**** Records to use ****

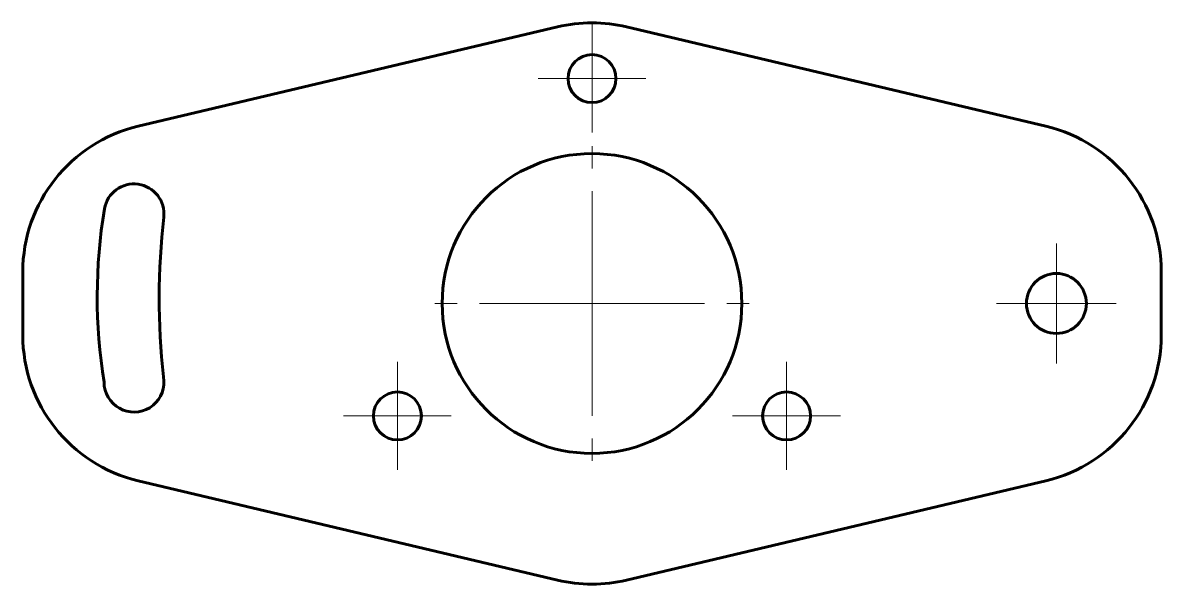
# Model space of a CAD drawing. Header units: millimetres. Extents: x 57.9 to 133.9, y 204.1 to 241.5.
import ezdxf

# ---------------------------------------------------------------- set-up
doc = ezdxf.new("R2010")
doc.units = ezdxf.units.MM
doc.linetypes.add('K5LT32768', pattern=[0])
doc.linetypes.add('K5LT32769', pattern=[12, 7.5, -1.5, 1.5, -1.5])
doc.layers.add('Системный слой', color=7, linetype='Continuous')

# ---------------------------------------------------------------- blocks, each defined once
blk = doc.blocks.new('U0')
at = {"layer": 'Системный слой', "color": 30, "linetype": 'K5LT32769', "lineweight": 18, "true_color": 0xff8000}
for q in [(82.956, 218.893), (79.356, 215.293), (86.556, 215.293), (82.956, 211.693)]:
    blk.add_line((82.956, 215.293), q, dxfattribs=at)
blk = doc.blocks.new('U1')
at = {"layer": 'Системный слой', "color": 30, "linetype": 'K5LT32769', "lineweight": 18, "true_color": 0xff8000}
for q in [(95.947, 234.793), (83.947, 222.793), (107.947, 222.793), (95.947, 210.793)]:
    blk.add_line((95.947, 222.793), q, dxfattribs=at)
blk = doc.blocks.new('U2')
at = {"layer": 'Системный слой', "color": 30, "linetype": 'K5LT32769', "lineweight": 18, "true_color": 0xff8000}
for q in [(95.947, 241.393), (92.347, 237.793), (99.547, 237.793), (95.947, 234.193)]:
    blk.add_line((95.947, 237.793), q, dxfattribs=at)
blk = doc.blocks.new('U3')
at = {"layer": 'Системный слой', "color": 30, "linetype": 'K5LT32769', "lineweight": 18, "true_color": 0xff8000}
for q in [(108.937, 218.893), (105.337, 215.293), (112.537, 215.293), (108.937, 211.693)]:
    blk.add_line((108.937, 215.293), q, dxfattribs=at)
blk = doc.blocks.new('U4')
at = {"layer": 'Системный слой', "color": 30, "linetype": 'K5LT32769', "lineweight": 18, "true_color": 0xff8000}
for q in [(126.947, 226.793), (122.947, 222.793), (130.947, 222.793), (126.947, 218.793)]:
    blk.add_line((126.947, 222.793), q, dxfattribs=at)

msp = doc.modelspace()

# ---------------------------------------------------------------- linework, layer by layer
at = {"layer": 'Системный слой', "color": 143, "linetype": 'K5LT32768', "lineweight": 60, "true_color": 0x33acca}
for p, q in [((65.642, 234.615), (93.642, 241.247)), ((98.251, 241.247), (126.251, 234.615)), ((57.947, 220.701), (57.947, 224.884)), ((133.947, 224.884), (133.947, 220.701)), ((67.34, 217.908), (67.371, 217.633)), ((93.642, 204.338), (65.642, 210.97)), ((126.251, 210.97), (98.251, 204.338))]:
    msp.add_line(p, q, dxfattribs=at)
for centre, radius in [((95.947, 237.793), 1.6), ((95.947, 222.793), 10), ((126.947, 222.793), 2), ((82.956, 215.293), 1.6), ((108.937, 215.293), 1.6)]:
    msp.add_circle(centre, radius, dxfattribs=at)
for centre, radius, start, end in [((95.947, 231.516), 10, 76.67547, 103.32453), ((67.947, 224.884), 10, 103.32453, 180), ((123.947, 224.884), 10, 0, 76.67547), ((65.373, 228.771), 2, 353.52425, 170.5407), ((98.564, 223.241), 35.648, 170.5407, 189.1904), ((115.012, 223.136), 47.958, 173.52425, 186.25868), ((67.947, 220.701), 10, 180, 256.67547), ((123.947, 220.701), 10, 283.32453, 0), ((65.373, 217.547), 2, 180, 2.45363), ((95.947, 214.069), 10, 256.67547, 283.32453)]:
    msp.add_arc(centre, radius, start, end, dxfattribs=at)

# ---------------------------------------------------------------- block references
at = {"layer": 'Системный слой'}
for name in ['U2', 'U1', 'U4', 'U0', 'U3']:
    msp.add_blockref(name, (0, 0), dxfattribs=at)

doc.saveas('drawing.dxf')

****

Give back the records above exactly, limited to the lines between the one holding "blk = doc.blocks.new('U3')" and the one holding "msp = doc.modelspace()", inclusive.

blk = doc.blocks.new('U3')
at = {"layer": 'Системный слой', "color": 30, "linetype": 'K5LT32769', "lineweight": 18, "true_color": 0xff8000}
for q in [(108.937, 218.893), (105.337, 215.293), (112.537, 215.293), (108.937, 211.693)]:
    blk.add_line((108.937, 215.293), q, dxfattribs=at)
blk = doc.blocks.new('U4')
at = {"layer": 'Системный слой', "color": 30, "linetype": 'K5LT32769', "lineweight": 18, "true_color": 0xff8000}
for q in [(126.947, 226.793), (122.947, 222.793), (130.947, 222.793), (126.947, 218.793)]:
    blk.add_line((126.947, 222.793), q, dxfattribs=at)

msp = doc.modelspace()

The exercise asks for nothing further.